Si c'est bien compilé avec tk, la commande que tu utilises pour démarrer ce truc, elle utilise /usr/bin/python /usr/bin/python2 /usr/bin/python3 ? Peut-être jouer avec eselect pour sélectionner python 2.7

(ce qui semble louche, c'est que la seule dépendance de replicamachin, c'est oracle-jre-bin, tu peux ouvrir un ticket sur le buzilla, parce que ça n'est visiblement pas complet)

----------

## pepit

Merci pour vos aides....

Comme dit dans mon premier message la version de python par défaut est : 3.2.3.

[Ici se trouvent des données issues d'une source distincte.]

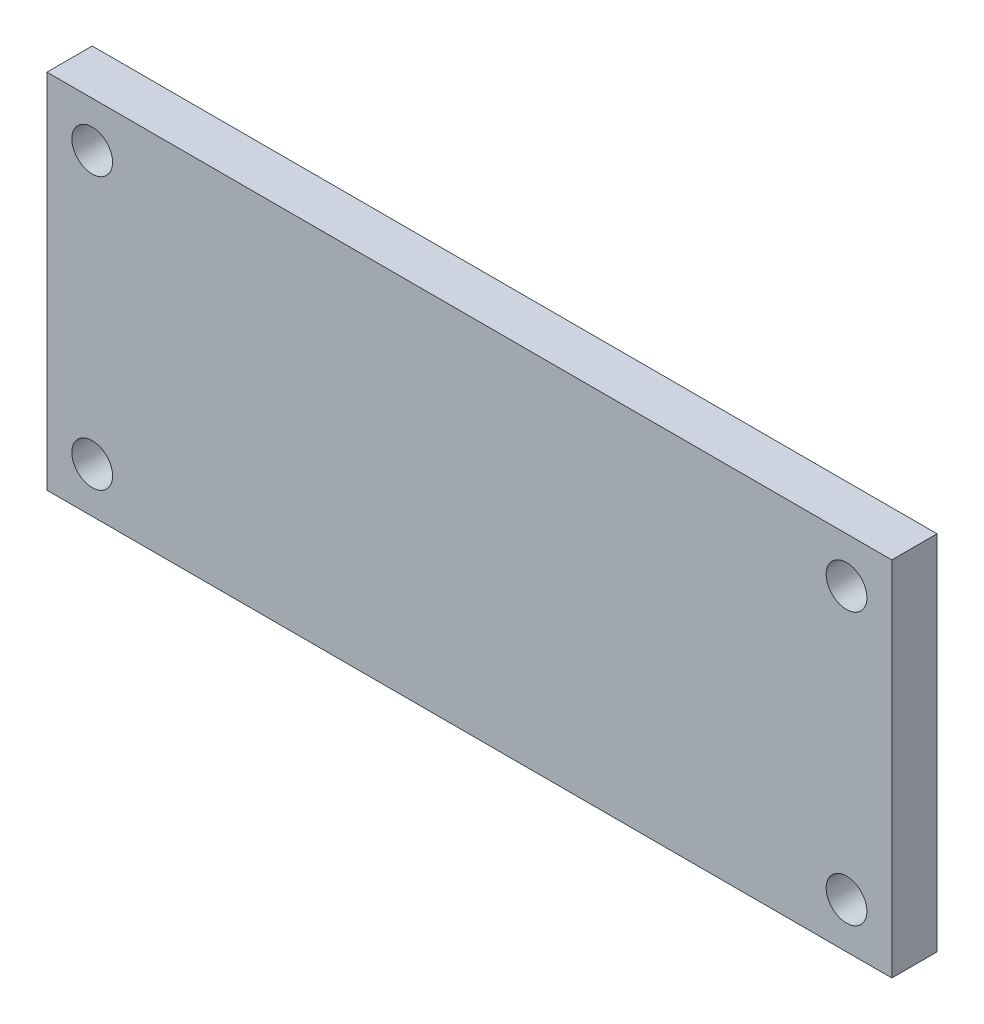
ISO-10303-21;
HEADER;
FILE_DESCRIPTION(('STEP AP214'),'2;1');
FILE_NAME('part.step','',(''),(''),'','','');
FILE_SCHEMA(('AUTOMOTIVE_DESIGN { 1 0 10303 214 1 1 1 1 }'));
ENDSEC;
DATA;
#1=APPLICATION_CONTEXT('core data for automotive mechanical design processes');
#2=APPLICATION_PROTOCOL_DEFINITION('international standard','automotive_design',2000,#1);
#3=PRODUCT_CONTEXT('',#1,'mechanical');
#4=PRODUCT('Part','Part','',(#3));
#5=PRODUCT_RELATED_PRODUCT_CATEGORY('part','',(#4));
#6=PRODUCT_DEFINITION_FORMATION('','',#4);
#7=PRODUCT_DEFINITION_CONTEXT('part definition',#1,'design');
#8=PRODUCT_DEFINITION('design','',#6,#7);
#9=PRODUCT_DEFINITION_SHAPE('','',#8);
#10=(LENGTH_UNIT() NAMED_UNIT(*) SI_UNIT(.MILLI.,.METRE.));
#11=(NAMED_UNIT(*) PLANE_ANGLE_UNIT() SI_UNIT($,.RADIAN.));
#12=(NAMED_UNIT(*) SI_UNIT($,.STERADIAN.) SOLID_ANGLE_UNIT());
#13=UNCERTAINTY_MEASURE_WITH_UNIT(LENGTH_MEASURE(1.E-05),#10,'distance_accuracy_value','');
#14=(GEOMETRIC_REPRESENTATION_CONTEXT(3) GLOBAL_UNCERTAINTY_ASSIGNED_CONTEXT((#13)) GLOBAL_UNIT_ASSIGNED_CONTEXT((#10,
#11,#12)) REPRESENTATION_CONTEXT('',''));
#15=CARTESIAN_POINT('',(0.,0.,0.));
#16=DIRECTION('',(0.,0.,1.));
#17=DIRECTION('',(1.,0.,0.));
#18=AXIS2_PLACEMENT_3D('',#15,#16,#17);
#19=CARTESIAN_POINT('',(-125.,45.,15.));
#20=DIRECTION('',(0.,0.,-1.));
#21=DIRECTION('',(-1.,0.,0.));
#22=AXIS2_PLACEMENT_3D('',#19,#20,#21);
#23=CYLINDRICAL_SURFACE('',#22,4.25000000000001);
#24=CARTESIAN_POINT('',(-125.,45.,1.99999999999995));
#25=DIRECTION('',(0.,0.,1.));
#26=DIRECTION('',(1.,0.,0.));
#27=AXIS2_PLACEMENT_3D('',#24,#25,#26);
#28=CIRCLE('',#27,4.25000000000001);
#29=CARTESIAN_POINT('',(-120.75,45.,1.99999999999995));
#30=VERTEX_POINT('',#29);
#31=EDGE_CURVE('E111',#30,#30,#28,.T.);
#32=ORIENTED_EDGE('',*,*,#31,.T.);
#33=EDGE_LOOP('',(#32));
#34=FACE_BOUND('',#33,.T.);
#35=CARTESIAN_POINT('',(-125.,45.,0.));
#36=DIRECTION('',(0.,0.,1.));
#37=DIRECTION('',(1.,0.,0.));
#38=AXIS2_PLACEMENT_3D('',#35,#36,#37);
#39=CIRCLE('',#38,4.25000000000001);
#40=CARTESIAN_POINT('',(-120.75,45.,0.));
#41=VERTEX_POINT('',#40);
#42=EDGE_CURVE('E104',#41,#41,#39,.T.);
#43=ORIENTED_EDGE('',*,*,#42,.F.);
#44=EDGE_LOOP('',(#43));
#45=FACE_BOUND('',#44,.T.);
#46=ADVANCED_FACE('F33',(#34,#45),#23,.F.);
#47=CARTESIAN_POINT('',(125.,45.,15.));
#48=DIRECTION('',(0.,0.,-1.));
#49=DIRECTION('',(-1.,0.,0.));
#50=AXIS2_PLACEMENT_3D('',#47,#48,#49);
#51=CYLINDRICAL_SURFACE('',#50,4.25000000000001);
#52=CARTESIAN_POINT('',(125.,45.,1.99999999999995));
#53=DIRECTION('',(0.,0.,1.));
#54=DIRECTION('',(1.,0.,0.));
#55=AXIS2_PLACEMENT_3D('',#52,#53,#54);
#56=CIRCLE('',#55,4.25000000000001);
#57=CARTESIAN_POINT('',(129.25,45.,1.99999999999995));
#58=VERTEX_POINT('',#57);
#59=EDGE_CURVE('E117',#58,#58,#56,.T.);
#60=ORIENTED_EDGE('',*,*,#59,.T.);
#61=EDGE_LOOP('',(#60));
#62=FACE_BOUND('',#61,.T.);
#63=CARTESIAN_POINT('',(125.,45.,0.));
#64=DIRECTION('',(0.,0.,1.));
#65=DIRECTION('',(1.,0.,0.));
#66=AXIS2_PLACEMENT_3D('',#63,#64,#65);
#67=CIRCLE('',#66,4.25000000000001);
#68=CARTESIAN_POINT('',(129.25,45.,0.));
#69=VERTEX_POINT('',#68);
#70=EDGE_CURVE('E150',#69,#69,#67,.T.);
#71=ORIENTED_EDGE('',*,*,#70,.F.);
#72=EDGE_LOOP('',(#71));
#73=FACE_BOUND('',#72,.T.);
#74=ADVANCED_FACE('F144',(#62,#73),#51,.F.);
#75=CARTESIAN_POINT('',(125.000000000001,-45.,15.));
#76=DIRECTION('',(0.,0.,-1.));
#77=DIRECTION('',(-1.,0.,0.));
#78=AXIS2_PLACEMENT_3D('',#75,#76,#77);
#79=CYLINDRICAL_SURFACE('',#78,4.25000000000001);
#80=CARTESIAN_POINT('',(125.000000000001,-45.,1.99999999999995));
#81=DIRECTION('',(0.,0.,1.));
#82=DIRECTION('',(1.,0.,0.));
#83=AXIS2_PLACEMENT_3D('',#80,#81,#82);
#84=CIRCLE('',#83,4.25000000000001);
#85=CARTESIAN_POINT('',(129.250000000001,-45.,1.99999999999995));
#86=VERTEX_POINT('',#85);
#87=EDGE_CURVE('E120',#86,#86,#84,.T.);
#88=ORIENTED_EDGE('',*,*,#87,.T.);
#89=EDGE_LOOP('',(#88));
#90=FACE_BOUND('',#89,.T.);
#91=CARTESIAN_POINT('',(125.000000000001,-45.,0.));
#92=DIRECTION('',(0.,0.,1.));
#93=DIRECTION('',(1.,0.,0.));
#94=AXIS2_PLACEMENT_3D('',#91,#92,#93);
#95=CIRCLE('',#94,4.25000000000001);
#96=CARTESIAN_POINT('',(129.250000000001,-45.,0.));
#97=VERTEX_POINT('',#96);
#98=EDGE_CURVE('E148',#97,#97,#95,.T.);
#99=ORIENTED_EDGE('',*,*,#98,.F.);
#100=EDGE_LOOP('',(#99));
#101=FACE_BOUND('',#100,.T.);
#102=ADVANCED_FACE('F140',(#90,#101),#79,.F.);
#103=CARTESIAN_POINT('',(-124.999999999999,-45.,15.));
#104=DIRECTION('',(0.,0.,-1.));
#105=DIRECTION('',(-1.,0.,0.));
#106=AXIS2_PLACEMENT_3D('',#103,#104,#105);
#107=CYLINDRICAL_SURFACE('',#106,4.25000000000001);
#108=CARTESIAN_POINT('',(-124.999999999999,-45.,1.99999999999995));
#109=DIRECTION('',(0.,0.,1.));
#110=DIRECTION('',(1.,0.,0.));
#111=AXIS2_PLACEMENT_3D('',#108,#109,#110);
#112=CIRCLE('',#111,4.25000000000001);
#113=CARTESIAN_POINT('',(-120.749999999999,-45.,1.99999999999995));
#114=VERTEX_POINT('',#113);
#115=EDGE_CURVE('E123',#114,#114,#112,.T.);
#116=ORIENTED_EDGE('',*,*,#115,.T.);
#117=EDGE_LOOP('',(#116));
#118=FACE_BOUND('',#117,.T.);
#119=CARTESIAN_POINT('',(-124.999999999999,-45.,0.));
#120=DIRECTION('',(0.,0.,1.));
#121=DIRECTION('',(1.,0.,0.));
#122=AXIS2_PLACEMENT_3D('',#119,#120,#121);
#123=CIRCLE('',#122,4.25000000000001);
#124=CARTESIAN_POINT('',(-120.749999999999,-45.,0.));
#125=VERTEX_POINT('',#124);
#126=EDGE_CURVE('E151',#125,#125,#123,.T.);
#127=ORIENTED_EDGE('',*,*,#126,.F.);
#128=EDGE_LOOP('',(#127));
#129=FACE_BOUND('',#128,.T.);
#130=ADVANCED_FACE('F143',(#118,#129),#107,.F.);
#131=CARTESIAN_POINT('',(0.,0.,15.));
#132=DIRECTION('',(0.,0.,-1.));
#133=DIRECTION('',(-1.,0.,0.));
#134=AXIS2_PLACEMENT_3D('',#131,#132,#133);
#135=PLANE('',#134);
#136=CARTESIAN_POINT('',(-124.999999999999,-45.,15.));
#137=DIRECTION('',(0.,0.,1.));
#138=DIRECTION('',(1.,0.,0.));
#139=AXIS2_PLACEMENT_3D('',#136,#137,#138);
#140=CIRCLE('',#139,6.75);
#141=CARTESIAN_POINT('',(-118.249999999999,-45.,15.));
#142=VERTEX_POINT('',#141);
#143=EDGE_CURVE('E238',#142,#142,#140,.T.);
#144=ORIENTED_EDGE('',*,*,#143,.F.);
#145=EDGE_LOOP('',(#144));
#146=FACE_BOUND('',#145,.T.);
#147=CARTESIAN_POINT('',(125.000000000001,-45.,15.));
#148=DIRECTION('',(0.,0.,1.));
#149=DIRECTION('',(1.,0.,0.));
#150=AXIS2_PLACEMENT_3D('',#147,#148,#149);
#151=CIRCLE('',#150,6.75);
#152=CARTESIAN_POINT('',(131.750000000001,-45.,15.));
#153=VERTEX_POINT('',#152);
#154=EDGE_CURVE('E234',#153,#153,#151,.T.);
#155=ORIENTED_EDGE('',*,*,#154,.F.);
#156=EDGE_LOOP('',(#155));
#157=FACE_BOUND('',#156,.T.);
#158=CARTESIAN_POINT('',(125.,45.,15.));
#159=DIRECTION('',(0.,0.,1.));
#160=DIRECTION('',(1.,0.,0.));
#161=AXIS2_PLACEMENT_3D('',#158,#159,#160);
#162=CIRCLE('',#161,6.75);
#163=CARTESIAN_POINT('',(131.75,45.,15.));
#164=VERTEX_POINT('',#163);
#165=EDGE_CURVE('E232',#164,#164,#162,.T.);
#166=ORIENTED_EDGE('',*,*,#165,.F.);
#167=EDGE_LOOP('',(#166));
#168=FACE_BOUND('',#167,.T.);
#169=CARTESIAN_POINT('',(-125.,45.,15.));
#170=DIRECTION('',(0.,0.,1.));
#171=DIRECTION('',(1.,0.,0.));
#172=AXIS2_PLACEMENT_3D('',#169,#170,#171);
#173=CIRCLE('',#172,6.75);
#174=CARTESIAN_POINT('',(-118.25,45.,15.));
#175=VERTEX_POINT('',#174);
#176=EDGE_CURVE('E156',#175,#175,#173,.T.);
#177=ORIENTED_EDGE('',*,*,#176,.F.);
#178=EDGE_LOOP('',(#177));
#179=FACE_BOUND('',#178,.T.);
#180=DIRECTION('',(0.,1.,0.));
#181=VECTOR('',#180,1.);
#182=CARTESIAN_POINT('',(140.,-60.,15.));
#183=LINE('',#182,#181);
#184=CARTESIAN_POINT('',(140.,-60.,15.));
#185=VERTEX_POINT('',#184);
#186=CARTESIAN_POINT('',(140.,60.,15.));
#187=VERTEX_POINT('',#186);
#188=EDGE_CURVE('E86',#185,#187,#183,.T.);
#189=ORIENTED_EDGE('',*,*,#188,.T.);
#190=DIRECTION('',(-1.,0.,0.));
#191=VECTOR('',#190,1.);
#192=CARTESIAN_POINT('',(-140.,60.,15.));
#193=LINE('',#192,#191);
#194=CARTESIAN_POINT('',(-140.,60.,15.));
#195=VERTEX_POINT('',#194);
#196=EDGE_CURVE('E81',#187,#195,#193,.T.);
#197=ORIENTED_EDGE('',*,*,#196,.T.);
#198=DIRECTION('',(0.,-1.,0.));
#199=VECTOR('',#198,1.);
#200=CARTESIAN_POINT('',(-140.,-60.,15.));
#201=LINE('',#200,#199);
#202=CARTESIAN_POINT('',(-140.,-60.,15.));
#203=VERTEX_POINT('',#202);
#204=EDGE_CURVE('E84',#195,#203,#201,.T.);
#205=ORIENTED_EDGE('',*,*,#204,.T.);
#206=DIRECTION('',(1.,0.,0.));
#207=VECTOR('',#206,1.);
#208=CARTESIAN_POINT('',(-140.,-60.,15.));
#209=LINE('',#208,#207);
#210=EDGE_CURVE('E50',#203,#185,#209,.T.);
#211=ORIENTED_EDGE('',*,*,#210,.T.);
#212=EDGE_LOOP('',(#189,#197,#205,#211));
#213=FACE_BOUND('',#212,.T.);
#214=ADVANCED_FACE('F82',(#146,#157,#168,#179,#213),#135,.F.);
#215=CARTESIAN_POINT('',(0.,0.,0.));
#216=DIRECTION('',(0.,0.,-1.));
#217=DIRECTION('',(-1.,0.,0.));
#218=AXIS2_PLACEMENT_3D('',#215,#216,#217);
#219=PLANE('',#218);
#220=ORIENTED_EDGE('',*,*,#98,.T.);
#221=EDGE_LOOP('',(#220));
#222=FACE_BOUND('',#221,.T.);
#223=ORIENTED_EDGE('',*,*,#42,.T.);
#224=EDGE_LOOP('',(#223));
#225=FACE_BOUND('',#224,.T.);
#226=DIRECTION('',(0.,1.,0.));
#227=VECTOR('',#226,1.);
#228=CARTESIAN_POINT('',(140.,-60.,0.));
#229=LINE('',#228,#227);
#230=CARTESIAN_POINT('',(140.,-60.,0.));
#231=VERTEX_POINT('',#230);
#232=CARTESIAN_POINT('',(140.,60.,0.));
#233=VERTEX_POINT('',#232);
#234=EDGE_CURVE('E101',#231,#233,#229,.T.);
#235=ORIENTED_EDGE('',*,*,#234,.F.);
#236=DIRECTION('',(1.,0.,0.));
#237=VECTOR('',#236,1.);
#238=CARTESIAN_POINT('',(-140.,-60.,0.));
#239=LINE('',#238,#237);
#240=CARTESIAN_POINT('',(-140.,-60.,0.));
#241=VERTEX_POINT('',#240);
#242=EDGE_CURVE('E73',#241,#231,#239,.T.);
#243=ORIENTED_EDGE('',*,*,#242,.F.);
#244=DIRECTION('',(0.,-1.,0.));
#245=VECTOR('',#244,1.);
#246=CARTESIAN_POINT('',(-140.,-60.,0.));
#247=LINE('',#246,#245);
#248=CARTESIAN_POINT('',(-140.,60.,0.));
#249=VERTEX_POINT('',#248);
#250=EDGE_CURVE('E67',#249,#241,#247,.T.);
#251=ORIENTED_EDGE('',*,*,#250,.F.);
#252=DIRECTION('',(-1.,0.,0.));
#253=VECTOR('',#252,1.);
#254=CARTESIAN_POINT('',(-140.,60.,0.));
#255=LINE('',#254,#253);
#256=EDGE_CURVE('E91',#233,#249,#255,.T.);
#257=ORIENTED_EDGE('',*,*,#256,.F.);
#258=EDGE_LOOP('',(#235,#243,#251,#257));
#259=FACE_BOUND('',#258,.T.);
#260=ORIENTED_EDGE('',*,*,#70,.T.);
#261=EDGE_LOOP('',(#260));
#262=FACE_BOUND('',#261,.T.);
#263=ORIENTED_EDGE('',*,*,#126,.T.);
#264=EDGE_LOOP('',(#263));
#265=FACE_BOUND('',#264,.T.);
#266=ADVANCED_FACE('F163',(#222,#225,#259,#262,#265),#219,.T.);
#267=CARTESIAN_POINT('',(140.,-60.,15.));
#268=DIRECTION('',(-1.,0.,0.));
#269=DIRECTION('',(0.,0.,1.));
#270=AXIS2_PLACEMENT_3D('',#267,#268,#269);
#271=PLANE('',#270);
#272=ORIENTED_EDGE('',*,*,#234,.T.);
#273=DIRECTION('',(0.,0.,-1.));
#274=VECTOR('',#273,1.);
#275=CARTESIAN_POINT('',(140.,60.,15.));
#276=LINE('',#275,#274);
#277=EDGE_CURVE('E92',#187,#233,#276,.T.);
#278=ORIENTED_EDGE('',*,*,#277,.F.);
#279=ORIENTED_EDGE('',*,*,#188,.F.);
#280=DIRECTION('',(0.,0.,-1.));
#281=VECTOR('',#280,1.);
#282=CARTESIAN_POINT('',(140.,-60.,15.));
#283=LINE('',#282,#281);
#284=EDGE_CURVE('E97',#185,#231,#283,.T.);
#285=ORIENTED_EDGE('',*,*,#284,.T.);
#286=EDGE_LOOP('',(#272,#278,#279,#285));
#287=FACE_BOUND('',#286,.T.);
#288=ADVANCED_FACE('F180',(#287),#271,.F.);
#289=CARTESIAN_POINT('',(-140.,60.,15.));
#290=DIRECTION('',(0.,-1.,0.));
#291=DIRECTION('',(0.,0.,-1.));
#292=AXIS2_PLACEMENT_3D('',#289,#290,#291);
#293=PLANE('',#292);
#294=ORIENTED_EDGE('',*,*,#256,.T.);
#295=DIRECTION('',(0.,0.,-1.));
#296=VECTOR('',#295,1.);
#297=CARTESIAN_POINT('',(-140.,60.,15.));
#298=LINE('',#297,#296);
#299=EDGE_CURVE('E89',#195,#249,#298,.T.);
#300=ORIENTED_EDGE('',*,*,#299,.F.);
#301=ORIENTED_EDGE('',*,*,#196,.F.);
#302=ORIENTED_EDGE('',*,*,#277,.T.);
#303=EDGE_LOOP('',(#294,#300,#301,#302));
#304=FACE_BOUND('',#303,.T.);
#305=ADVANCED_FACE('F90',(#304),#293,.F.);
#306=CARTESIAN_POINT('',(-140.,-60.,15.));
#307=DIRECTION('',(1.,0.,0.));
#308=DIRECTION('',(0.,1.,0.));
#309=AXIS2_PLACEMENT_3D('',#306,#307,#308);
#310=PLANE('',#309);
#311=ORIENTED_EDGE('',*,*,#250,.T.);
#312=DIRECTION('',(0.,0.,-1.));
#313=VECTOR('',#312,1.);
#314=CARTESIAN_POINT('',(-140.,-60.,15.));
#315=LINE('',#314,#313);
#316=EDGE_CURVE('E93',#203,#241,#315,.T.);
#317=ORIENTED_EDGE('',*,*,#316,.F.);
#318=ORIENTED_EDGE('',*,*,#204,.F.);
#319=ORIENTED_EDGE('',*,*,#299,.T.);
#320=EDGE_LOOP('',(#311,#317,#318,#319));
#321=FACE_BOUND('',#320,.T.);
#322=ADVANCED_FACE('F95',(#321),#310,.F.);
#323=CARTESIAN_POINT('',(-140.,-60.,15.));
#324=DIRECTION('',(0.,1.,0.));
#325=DIRECTION('',(0.,0.,1.));
#326=AXIS2_PLACEMENT_3D('',#323,#324,#325);
#327=PLANE('',#326);
#328=ORIENTED_EDGE('',*,*,#242,.T.);
#329=ORIENTED_EDGE('',*,*,#284,.F.);
#330=ORIENTED_EDGE('',*,*,#210,.F.);
#331=ORIENTED_EDGE('',*,*,#316,.T.);
#332=EDGE_LOOP('',(#328,#329,#330,#331));
#333=FACE_BOUND('',#332,.T.);
#334=ADVANCED_FACE('F181',(#333),#327,.F.);
#335=CARTESIAN_POINT('',(-124.999999999999,-45.,5.));
#336=DIRECTION('',(0.,0.,1.));
#337=DIRECTION('',(1.,0.,0.));
#338=AXIS2_PLACEMENT_3D('',#335,#336,#337);
#339=CYLINDRICAL_SURFACE('',#338,6.75);
#340=CARTESIAN_POINT('',(-124.999999999999,-45.,4.49999999999996));
#341=DIRECTION('',(0.,0.,1.));
#342=DIRECTION('',(1.,0.,0.));
#343=AXIS2_PLACEMENT_3D('',#340,#341,#342);
#344=CIRCLE('',#343,6.75);
#345=CARTESIAN_POINT('',(-118.249999999999,-45.,4.49999999999996));
#346=VERTEX_POINT('',#345);
#347=EDGE_CURVE('E11',#346,#346,#344,.F.);
#348=ORIENTED_EDGE('',*,*,#347,.T.);
#349=EDGE_LOOP('',(#348));
#350=FACE_BOUND('',#349,.T.);
#351=ORIENTED_EDGE('',*,*,#143,.T.);
#352=EDGE_LOOP('',(#351));
#353=FACE_BOUND('',#352,.T.);
#354=ADVANCED_FACE('F184',(#350,#353),#339,.F.);
#355=CARTESIAN_POINT('',(125.000000000001,-45.,5.));
#356=DIRECTION('',(0.,0.,1.));
#357=DIRECTION('',(1.,0.,0.));
#358=AXIS2_PLACEMENT_3D('',#355,#356,#357);
#359=CYLINDRICAL_SURFACE('',#358,6.75);
#360=CARTESIAN_POINT('',(125.000000000001,-45.,4.49999999999996));
#361=DIRECTION('',(0.,0.,1.));
#362=DIRECTION('',(1.,0.,0.));
#363=AXIS2_PLACEMENT_3D('',#360,#361,#362);
#364=CIRCLE('',#363,6.75);
#365=CARTESIAN_POINT('',(131.750000000001,-45.,4.49999999999996));
#366=VERTEX_POINT('',#365);
#367=EDGE_CURVE('E42',#366,#366,#364,.F.);
#368=ORIENTED_EDGE('',*,*,#367,.T.);
#369=EDGE_LOOP('',(#368));
#370=FACE_BOUND('',#369,.T.);
#371=ORIENTED_EDGE('',*,*,#154,.T.);
#372=EDGE_LOOP('',(#371));
#373=FACE_BOUND('',#372,.T.);
#374=ADVANCED_FACE('F131',(#370,#373),#359,.F.);
#375=CARTESIAN_POINT('',(125.,45.,5.));
#376=DIRECTION('',(0.,0.,1.));
#377=DIRECTION('',(1.,0.,0.));
#378=AXIS2_PLACEMENT_3D('',#375,#376,#377);
#379=CYLINDRICAL_SURFACE('',#378,6.75);
#380=CARTESIAN_POINT('',(125.,45.,4.49999999999996));
#381=DIRECTION('',(0.,0.,1.));
#382=DIRECTION('',(1.,0.,0.));
#383=AXIS2_PLACEMENT_3D('',#380,#381,#382);
#384=CIRCLE('',#383,6.75);
#385=CARTESIAN_POINT('',(131.75,45.,4.49999999999996));
#386=VERTEX_POINT('',#385);
#387=EDGE_CURVE('E126',#386,#386,#384,.F.);
#388=ORIENTED_EDGE('',*,*,#387,.T.);
#389=EDGE_LOOP('',(#388));
#390=FACE_BOUND('',#389,.T.);
#391=ORIENTED_EDGE('',*,*,#165,.T.);
#392=EDGE_LOOP('',(#391));
#393=FACE_BOUND('',#392,.T.);
#394=ADVANCED_FACE('F218',(#390,#393),#379,.F.);
#395=CARTESIAN_POINT('',(-125.,45.,5.));
#396=DIRECTION('',(0.,0.,1.));
#397=DIRECTION('',(1.,0.,0.));
#398=AXIS2_PLACEMENT_3D('',#395,#396,#397);
#399=CYLINDRICAL_SURFACE('',#398,6.75);
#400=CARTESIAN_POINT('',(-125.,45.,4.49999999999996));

Sur le pc sont installé python 2.7 et 3.2

Le logiciel replicatorg permet de choisir la version de python à utiliser pour lui. J'ai esséyé les deux.

Si commande il y a , c'est réplicatorg qui l'envoie pas moi, je lance juste l'exécutalble.

Que donne emerge -pv python:2.7 :

"* Last emerge --sync was Sat Jun 15 12:35:01 2013.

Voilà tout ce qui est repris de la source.